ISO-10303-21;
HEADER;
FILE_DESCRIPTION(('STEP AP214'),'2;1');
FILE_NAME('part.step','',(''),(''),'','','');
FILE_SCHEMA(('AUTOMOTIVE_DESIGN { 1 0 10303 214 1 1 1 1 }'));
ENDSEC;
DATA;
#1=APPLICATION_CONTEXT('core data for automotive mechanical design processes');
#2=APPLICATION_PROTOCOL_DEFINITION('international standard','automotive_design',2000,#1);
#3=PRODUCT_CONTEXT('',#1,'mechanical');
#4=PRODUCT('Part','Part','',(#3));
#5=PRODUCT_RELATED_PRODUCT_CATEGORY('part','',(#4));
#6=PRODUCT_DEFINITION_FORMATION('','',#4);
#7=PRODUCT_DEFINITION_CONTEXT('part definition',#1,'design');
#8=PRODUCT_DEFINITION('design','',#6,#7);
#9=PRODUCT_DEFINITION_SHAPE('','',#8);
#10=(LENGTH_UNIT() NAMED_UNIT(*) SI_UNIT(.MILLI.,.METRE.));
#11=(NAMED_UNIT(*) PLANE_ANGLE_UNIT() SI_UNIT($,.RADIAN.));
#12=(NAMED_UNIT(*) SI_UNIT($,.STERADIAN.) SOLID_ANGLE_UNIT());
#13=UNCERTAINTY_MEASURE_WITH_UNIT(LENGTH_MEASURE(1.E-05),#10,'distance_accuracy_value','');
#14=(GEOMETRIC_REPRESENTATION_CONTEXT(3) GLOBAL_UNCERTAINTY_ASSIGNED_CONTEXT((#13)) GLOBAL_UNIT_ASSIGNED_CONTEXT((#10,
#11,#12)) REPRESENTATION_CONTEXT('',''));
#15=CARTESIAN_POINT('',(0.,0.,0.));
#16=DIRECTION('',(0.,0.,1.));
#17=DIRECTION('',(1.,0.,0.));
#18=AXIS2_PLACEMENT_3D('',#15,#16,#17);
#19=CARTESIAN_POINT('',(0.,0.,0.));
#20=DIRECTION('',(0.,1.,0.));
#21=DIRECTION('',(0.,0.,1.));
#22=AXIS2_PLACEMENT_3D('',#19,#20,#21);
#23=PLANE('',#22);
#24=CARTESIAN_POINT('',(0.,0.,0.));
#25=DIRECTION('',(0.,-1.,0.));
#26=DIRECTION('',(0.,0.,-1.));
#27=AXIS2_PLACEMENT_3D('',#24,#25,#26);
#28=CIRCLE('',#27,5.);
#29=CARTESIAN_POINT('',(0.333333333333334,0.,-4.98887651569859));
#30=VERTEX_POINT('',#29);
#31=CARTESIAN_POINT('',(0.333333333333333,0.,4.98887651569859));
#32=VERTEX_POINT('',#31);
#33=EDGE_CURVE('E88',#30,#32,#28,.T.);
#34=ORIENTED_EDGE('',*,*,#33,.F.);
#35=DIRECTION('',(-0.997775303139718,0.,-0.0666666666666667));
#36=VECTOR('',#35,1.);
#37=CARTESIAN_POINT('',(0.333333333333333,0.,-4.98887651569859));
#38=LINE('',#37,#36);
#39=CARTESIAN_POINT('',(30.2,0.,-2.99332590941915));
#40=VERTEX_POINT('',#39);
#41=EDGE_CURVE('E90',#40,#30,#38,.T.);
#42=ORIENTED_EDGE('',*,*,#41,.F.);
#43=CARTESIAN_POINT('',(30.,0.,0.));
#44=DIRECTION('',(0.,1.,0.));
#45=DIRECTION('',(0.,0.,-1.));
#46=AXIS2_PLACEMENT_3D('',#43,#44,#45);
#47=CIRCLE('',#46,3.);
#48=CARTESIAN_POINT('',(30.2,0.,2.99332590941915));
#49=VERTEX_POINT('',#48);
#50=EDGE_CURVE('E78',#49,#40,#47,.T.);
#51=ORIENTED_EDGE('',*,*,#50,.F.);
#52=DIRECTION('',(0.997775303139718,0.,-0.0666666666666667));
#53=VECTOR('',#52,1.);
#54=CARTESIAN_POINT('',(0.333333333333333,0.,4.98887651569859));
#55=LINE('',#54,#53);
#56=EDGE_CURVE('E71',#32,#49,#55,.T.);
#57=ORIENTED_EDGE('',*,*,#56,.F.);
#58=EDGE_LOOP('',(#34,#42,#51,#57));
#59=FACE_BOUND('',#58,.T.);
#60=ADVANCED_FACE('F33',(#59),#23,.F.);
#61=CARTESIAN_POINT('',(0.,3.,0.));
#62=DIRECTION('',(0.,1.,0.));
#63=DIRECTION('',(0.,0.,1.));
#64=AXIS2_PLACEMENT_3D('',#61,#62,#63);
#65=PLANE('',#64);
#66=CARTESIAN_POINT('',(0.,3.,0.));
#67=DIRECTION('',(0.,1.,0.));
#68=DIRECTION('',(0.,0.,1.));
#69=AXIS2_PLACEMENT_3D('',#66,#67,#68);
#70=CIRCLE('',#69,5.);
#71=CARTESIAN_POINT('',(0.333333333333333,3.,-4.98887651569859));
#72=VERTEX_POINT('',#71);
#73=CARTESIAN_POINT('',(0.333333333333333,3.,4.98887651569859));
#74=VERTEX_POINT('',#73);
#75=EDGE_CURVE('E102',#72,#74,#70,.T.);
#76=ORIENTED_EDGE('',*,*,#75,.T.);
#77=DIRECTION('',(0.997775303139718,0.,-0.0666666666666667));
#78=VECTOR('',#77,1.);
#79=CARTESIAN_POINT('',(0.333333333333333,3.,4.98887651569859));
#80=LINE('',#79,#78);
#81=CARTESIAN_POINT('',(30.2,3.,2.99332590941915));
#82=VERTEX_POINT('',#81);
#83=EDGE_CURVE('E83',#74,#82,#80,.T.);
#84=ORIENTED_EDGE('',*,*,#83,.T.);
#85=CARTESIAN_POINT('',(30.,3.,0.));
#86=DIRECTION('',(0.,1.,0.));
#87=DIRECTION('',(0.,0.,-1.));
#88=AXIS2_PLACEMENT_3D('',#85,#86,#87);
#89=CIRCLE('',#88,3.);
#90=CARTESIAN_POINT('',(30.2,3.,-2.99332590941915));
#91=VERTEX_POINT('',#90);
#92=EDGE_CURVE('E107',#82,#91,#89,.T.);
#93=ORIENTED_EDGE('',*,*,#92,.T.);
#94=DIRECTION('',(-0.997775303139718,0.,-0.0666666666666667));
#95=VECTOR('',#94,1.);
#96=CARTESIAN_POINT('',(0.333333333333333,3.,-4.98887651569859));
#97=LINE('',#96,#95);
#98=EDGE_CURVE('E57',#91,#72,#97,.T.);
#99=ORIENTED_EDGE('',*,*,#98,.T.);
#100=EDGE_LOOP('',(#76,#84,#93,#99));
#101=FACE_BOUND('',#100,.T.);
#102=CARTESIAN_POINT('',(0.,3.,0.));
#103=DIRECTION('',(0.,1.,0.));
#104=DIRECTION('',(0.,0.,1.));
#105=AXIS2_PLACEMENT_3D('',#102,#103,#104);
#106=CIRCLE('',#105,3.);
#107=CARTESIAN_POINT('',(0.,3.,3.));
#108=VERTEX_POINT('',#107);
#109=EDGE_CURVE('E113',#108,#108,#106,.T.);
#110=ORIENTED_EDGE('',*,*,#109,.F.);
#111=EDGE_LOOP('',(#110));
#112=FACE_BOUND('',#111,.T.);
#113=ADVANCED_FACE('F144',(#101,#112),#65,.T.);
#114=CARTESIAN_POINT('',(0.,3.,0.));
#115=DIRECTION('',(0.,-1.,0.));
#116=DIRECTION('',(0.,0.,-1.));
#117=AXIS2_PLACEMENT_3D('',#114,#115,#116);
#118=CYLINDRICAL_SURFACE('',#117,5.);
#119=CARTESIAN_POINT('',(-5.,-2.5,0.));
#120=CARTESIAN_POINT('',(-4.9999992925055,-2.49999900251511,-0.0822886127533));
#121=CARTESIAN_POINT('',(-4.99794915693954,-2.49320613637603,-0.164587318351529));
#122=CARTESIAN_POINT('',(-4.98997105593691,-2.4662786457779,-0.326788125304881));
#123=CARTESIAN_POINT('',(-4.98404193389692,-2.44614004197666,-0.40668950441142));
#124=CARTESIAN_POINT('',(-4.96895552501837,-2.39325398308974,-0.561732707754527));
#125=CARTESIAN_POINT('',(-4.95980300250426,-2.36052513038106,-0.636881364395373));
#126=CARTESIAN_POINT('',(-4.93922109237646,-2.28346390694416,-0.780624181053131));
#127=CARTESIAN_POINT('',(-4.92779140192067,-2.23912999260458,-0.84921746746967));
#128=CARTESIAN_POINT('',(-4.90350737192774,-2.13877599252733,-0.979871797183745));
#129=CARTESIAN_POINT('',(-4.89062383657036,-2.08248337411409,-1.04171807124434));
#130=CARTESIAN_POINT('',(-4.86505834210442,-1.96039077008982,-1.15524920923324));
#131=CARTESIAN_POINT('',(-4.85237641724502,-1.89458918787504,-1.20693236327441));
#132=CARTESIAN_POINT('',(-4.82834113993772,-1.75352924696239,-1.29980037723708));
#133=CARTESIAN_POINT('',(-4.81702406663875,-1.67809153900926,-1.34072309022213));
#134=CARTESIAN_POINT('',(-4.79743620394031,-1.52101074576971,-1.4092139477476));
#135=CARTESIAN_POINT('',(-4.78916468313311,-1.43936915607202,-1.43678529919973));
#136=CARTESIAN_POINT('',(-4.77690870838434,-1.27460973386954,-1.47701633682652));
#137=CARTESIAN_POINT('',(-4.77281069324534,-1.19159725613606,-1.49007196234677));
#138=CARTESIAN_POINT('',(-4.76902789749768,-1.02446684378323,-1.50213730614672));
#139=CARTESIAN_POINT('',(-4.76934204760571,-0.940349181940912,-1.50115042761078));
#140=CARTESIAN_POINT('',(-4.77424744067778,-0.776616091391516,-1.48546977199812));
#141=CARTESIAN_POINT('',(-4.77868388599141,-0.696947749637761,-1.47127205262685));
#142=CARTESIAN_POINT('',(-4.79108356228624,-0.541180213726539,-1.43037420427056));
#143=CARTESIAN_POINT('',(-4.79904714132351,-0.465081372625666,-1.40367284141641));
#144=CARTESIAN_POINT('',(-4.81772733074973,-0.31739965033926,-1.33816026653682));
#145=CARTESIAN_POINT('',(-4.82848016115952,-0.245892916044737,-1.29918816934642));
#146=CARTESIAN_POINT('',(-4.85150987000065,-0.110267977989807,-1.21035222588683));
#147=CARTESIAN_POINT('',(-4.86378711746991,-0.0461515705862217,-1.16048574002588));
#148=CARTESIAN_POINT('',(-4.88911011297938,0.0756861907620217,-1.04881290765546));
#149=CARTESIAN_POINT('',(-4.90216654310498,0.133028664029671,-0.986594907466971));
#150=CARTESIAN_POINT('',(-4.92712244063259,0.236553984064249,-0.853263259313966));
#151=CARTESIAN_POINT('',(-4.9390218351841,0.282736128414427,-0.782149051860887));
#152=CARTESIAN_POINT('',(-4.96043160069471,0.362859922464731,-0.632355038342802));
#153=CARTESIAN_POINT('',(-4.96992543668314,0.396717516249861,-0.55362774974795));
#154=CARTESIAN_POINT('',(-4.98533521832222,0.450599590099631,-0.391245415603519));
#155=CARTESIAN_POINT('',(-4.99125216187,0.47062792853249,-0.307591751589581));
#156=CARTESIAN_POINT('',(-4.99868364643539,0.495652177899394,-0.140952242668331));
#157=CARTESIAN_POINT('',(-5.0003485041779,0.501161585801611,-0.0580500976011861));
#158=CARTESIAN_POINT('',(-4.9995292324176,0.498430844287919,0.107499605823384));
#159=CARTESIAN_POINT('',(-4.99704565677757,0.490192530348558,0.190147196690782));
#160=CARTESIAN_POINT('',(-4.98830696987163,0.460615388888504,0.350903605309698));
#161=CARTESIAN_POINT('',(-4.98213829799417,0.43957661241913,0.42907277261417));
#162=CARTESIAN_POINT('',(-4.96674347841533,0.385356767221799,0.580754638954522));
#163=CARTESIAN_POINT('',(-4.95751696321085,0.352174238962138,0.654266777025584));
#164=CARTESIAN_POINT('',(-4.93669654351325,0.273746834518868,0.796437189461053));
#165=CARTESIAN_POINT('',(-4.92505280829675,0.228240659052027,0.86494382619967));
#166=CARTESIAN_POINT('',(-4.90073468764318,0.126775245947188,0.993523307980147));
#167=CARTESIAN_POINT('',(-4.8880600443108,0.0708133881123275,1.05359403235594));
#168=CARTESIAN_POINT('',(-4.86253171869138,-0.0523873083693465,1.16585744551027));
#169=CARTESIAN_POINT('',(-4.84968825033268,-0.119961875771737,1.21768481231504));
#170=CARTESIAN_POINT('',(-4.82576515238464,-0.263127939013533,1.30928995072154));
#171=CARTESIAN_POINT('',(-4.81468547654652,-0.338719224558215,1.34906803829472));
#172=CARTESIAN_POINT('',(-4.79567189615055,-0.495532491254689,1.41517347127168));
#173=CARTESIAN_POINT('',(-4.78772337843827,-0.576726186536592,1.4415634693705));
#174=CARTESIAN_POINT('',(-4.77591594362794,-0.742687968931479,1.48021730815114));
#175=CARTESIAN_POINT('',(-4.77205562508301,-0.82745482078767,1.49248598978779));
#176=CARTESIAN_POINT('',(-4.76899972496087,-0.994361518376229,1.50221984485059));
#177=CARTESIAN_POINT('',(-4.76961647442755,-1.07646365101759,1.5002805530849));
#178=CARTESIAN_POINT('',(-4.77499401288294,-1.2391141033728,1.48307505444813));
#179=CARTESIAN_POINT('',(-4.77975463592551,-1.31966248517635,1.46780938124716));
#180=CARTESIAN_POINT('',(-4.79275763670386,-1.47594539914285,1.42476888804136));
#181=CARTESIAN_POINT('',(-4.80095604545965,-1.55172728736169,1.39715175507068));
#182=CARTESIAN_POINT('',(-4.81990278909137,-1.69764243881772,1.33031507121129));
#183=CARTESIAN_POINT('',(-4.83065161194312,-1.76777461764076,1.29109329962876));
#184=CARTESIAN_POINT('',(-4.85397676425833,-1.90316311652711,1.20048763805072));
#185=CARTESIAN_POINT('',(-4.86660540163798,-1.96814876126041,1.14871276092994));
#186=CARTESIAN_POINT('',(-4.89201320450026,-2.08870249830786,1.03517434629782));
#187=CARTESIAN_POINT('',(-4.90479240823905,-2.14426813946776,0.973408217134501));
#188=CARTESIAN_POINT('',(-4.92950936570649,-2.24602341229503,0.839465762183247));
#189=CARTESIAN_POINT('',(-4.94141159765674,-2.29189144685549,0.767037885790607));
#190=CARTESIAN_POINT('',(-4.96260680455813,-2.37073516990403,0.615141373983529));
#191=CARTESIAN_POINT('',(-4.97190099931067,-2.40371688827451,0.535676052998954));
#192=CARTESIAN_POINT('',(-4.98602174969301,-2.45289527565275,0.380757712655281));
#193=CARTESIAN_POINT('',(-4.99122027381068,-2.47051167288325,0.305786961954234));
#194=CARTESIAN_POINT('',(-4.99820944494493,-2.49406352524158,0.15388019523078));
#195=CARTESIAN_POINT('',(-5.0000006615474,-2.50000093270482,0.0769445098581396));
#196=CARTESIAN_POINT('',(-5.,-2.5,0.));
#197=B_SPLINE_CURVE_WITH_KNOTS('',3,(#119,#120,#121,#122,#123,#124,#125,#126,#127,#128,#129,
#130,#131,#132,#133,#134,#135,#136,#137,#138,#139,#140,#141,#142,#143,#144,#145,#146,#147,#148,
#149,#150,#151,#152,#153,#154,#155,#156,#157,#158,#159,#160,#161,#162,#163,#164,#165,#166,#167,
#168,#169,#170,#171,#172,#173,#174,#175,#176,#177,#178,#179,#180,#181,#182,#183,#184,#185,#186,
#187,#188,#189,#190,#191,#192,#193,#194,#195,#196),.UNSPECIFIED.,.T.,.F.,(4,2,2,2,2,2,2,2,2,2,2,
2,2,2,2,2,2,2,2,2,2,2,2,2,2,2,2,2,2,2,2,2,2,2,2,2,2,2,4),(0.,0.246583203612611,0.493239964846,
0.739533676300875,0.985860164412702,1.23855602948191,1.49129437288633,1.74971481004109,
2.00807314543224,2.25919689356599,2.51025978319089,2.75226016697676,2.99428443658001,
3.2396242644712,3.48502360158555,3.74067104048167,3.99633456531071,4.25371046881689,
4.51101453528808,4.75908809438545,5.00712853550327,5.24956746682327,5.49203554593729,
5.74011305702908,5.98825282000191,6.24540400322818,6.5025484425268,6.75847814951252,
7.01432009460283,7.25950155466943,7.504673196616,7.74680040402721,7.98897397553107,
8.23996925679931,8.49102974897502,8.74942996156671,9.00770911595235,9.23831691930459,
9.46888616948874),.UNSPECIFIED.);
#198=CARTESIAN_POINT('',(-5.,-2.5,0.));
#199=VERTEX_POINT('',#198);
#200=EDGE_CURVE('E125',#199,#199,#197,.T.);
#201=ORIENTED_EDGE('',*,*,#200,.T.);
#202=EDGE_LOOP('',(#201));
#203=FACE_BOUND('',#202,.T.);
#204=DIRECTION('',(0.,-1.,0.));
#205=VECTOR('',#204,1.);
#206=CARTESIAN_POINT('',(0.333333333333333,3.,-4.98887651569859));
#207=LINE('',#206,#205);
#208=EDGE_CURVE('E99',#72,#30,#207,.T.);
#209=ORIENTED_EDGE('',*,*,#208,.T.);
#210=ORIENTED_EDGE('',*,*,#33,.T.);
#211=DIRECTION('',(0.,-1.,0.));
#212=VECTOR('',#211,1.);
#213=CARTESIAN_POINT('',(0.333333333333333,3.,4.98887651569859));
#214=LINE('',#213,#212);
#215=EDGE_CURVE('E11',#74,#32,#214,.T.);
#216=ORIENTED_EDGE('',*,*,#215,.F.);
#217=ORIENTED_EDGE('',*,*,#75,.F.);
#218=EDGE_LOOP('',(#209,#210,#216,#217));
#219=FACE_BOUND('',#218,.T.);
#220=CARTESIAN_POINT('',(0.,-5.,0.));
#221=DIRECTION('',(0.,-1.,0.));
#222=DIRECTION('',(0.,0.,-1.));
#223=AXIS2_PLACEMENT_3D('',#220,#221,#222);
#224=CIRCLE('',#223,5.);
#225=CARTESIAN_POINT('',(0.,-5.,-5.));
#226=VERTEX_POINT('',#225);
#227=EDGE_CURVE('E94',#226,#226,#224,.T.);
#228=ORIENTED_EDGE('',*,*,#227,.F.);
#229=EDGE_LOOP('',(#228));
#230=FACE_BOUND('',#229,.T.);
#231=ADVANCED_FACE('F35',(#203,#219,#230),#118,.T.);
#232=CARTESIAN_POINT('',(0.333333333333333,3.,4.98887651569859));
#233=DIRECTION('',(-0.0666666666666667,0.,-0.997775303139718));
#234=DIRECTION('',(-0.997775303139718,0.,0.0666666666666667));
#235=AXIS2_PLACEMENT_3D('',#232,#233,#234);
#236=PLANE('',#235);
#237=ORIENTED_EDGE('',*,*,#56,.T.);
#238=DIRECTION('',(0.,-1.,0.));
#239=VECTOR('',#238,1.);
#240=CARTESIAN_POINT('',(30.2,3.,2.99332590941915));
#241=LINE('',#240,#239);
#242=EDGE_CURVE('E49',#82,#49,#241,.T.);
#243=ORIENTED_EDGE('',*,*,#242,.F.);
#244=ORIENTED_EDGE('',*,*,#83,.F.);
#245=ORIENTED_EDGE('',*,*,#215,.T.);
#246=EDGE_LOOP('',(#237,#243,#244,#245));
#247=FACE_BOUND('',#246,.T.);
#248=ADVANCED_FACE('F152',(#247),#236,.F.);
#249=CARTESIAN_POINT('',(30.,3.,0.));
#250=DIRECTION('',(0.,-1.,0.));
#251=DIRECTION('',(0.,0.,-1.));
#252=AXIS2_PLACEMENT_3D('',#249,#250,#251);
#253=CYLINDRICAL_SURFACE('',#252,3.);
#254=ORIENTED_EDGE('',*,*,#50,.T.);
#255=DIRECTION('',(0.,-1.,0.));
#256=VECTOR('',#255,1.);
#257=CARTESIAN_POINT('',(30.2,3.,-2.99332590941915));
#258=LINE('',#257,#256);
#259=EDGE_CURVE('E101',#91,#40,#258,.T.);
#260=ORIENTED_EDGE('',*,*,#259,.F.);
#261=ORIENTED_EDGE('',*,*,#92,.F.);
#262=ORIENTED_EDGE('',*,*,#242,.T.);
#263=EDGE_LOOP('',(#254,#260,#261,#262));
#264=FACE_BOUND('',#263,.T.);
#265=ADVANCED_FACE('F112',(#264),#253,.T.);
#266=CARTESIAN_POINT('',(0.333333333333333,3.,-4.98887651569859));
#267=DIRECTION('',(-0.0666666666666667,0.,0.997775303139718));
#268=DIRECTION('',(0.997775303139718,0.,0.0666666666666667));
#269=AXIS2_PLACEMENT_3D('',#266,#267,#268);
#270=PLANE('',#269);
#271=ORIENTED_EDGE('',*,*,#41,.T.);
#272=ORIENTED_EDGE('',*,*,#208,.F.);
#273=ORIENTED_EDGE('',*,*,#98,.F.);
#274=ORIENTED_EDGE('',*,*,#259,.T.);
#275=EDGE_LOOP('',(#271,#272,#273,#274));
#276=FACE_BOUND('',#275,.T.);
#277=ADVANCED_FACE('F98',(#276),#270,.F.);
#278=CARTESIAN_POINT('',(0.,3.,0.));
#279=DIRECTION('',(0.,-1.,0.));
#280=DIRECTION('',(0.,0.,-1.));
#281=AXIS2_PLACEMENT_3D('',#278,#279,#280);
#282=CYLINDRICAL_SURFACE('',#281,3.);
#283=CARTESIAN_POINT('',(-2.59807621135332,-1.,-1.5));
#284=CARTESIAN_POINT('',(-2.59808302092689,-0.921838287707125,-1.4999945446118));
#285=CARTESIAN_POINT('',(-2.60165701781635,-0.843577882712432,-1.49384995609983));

--

The line with "#18=AXIS2_PLACEMENT_3D('',#15,#16,#17);" marks the end; reproduce exactly every line from the start of the entries up to it, that line included.

ISO-10303-21;
HEADER;
FILE_DESCRIPTION(('STEP AP214'),'2;1');
FILE_NAME('part.step','',(''),(''),'','','');
FILE_SCHEMA(('AUTOMOTIVE_DESIGN { 1 0 10303 214 1 1 1 1 }'));
ENDSEC;
DATA;
#1=APPLICATION_CONTEXT('core data for automotive mechanical design processes');
#2=APPLICATION_PROTOCOL_DEFINITION('international standard','automotive_design',2000,#1);
#3=PRODUCT_CONTEXT('',#1,'mechanical');
#4=PRODUCT('Part','Part','',(#3));
#5=PRODUCT_RELATED_PRODUCT_CATEGORY('part','',(#4));
#6=PRODUCT_DEFINITION_FORMATION('','',#4);
#7=PRODUCT_DEFINITION_CONTEXT('part definition',#1,'design');
#8=PRODUCT_DEFINITION('design','',#6,#7);
#9=PRODUCT_DEFINITION_SHAPE('','',#8);
#10=(LENGTH_UNIT() NAMED_UNIT(*) SI_UNIT(.MILLI.,.METRE.));
#11=(NAMED_UNIT(*) PLANE_ANGLE_UNIT() SI_UNIT($,.RADIAN.));
#12=(NAMED_UNIT(*) SI_UNIT($,.STERADIAN.) SOLID_ANGLE_UNIT());
#13=UNCERTAINTY_MEASURE_WITH_UNIT(LENGTH_MEASURE(1.E-05),#10,'distance_accuracy_value','');
#14=(GEOMETRIC_REPRESENTATION_CONTEXT(3) GLOBAL_UNCERTAINTY_ASSIGNED_CONTEXT((#13)) GLOBAL_UNIT_ASSIGNED_CONTEXT((#10,
#11,#12)) REPRESENTATION_CONTEXT('',''));
#15=CARTESIAN_POINT('',(0.,0.,0.));
#16=DIRECTION('',(0.,0.,1.));
#17=DIRECTION('',(1.,0.,0.));
#18=AXIS2_PLACEMENT_3D('',#15,#16,#17);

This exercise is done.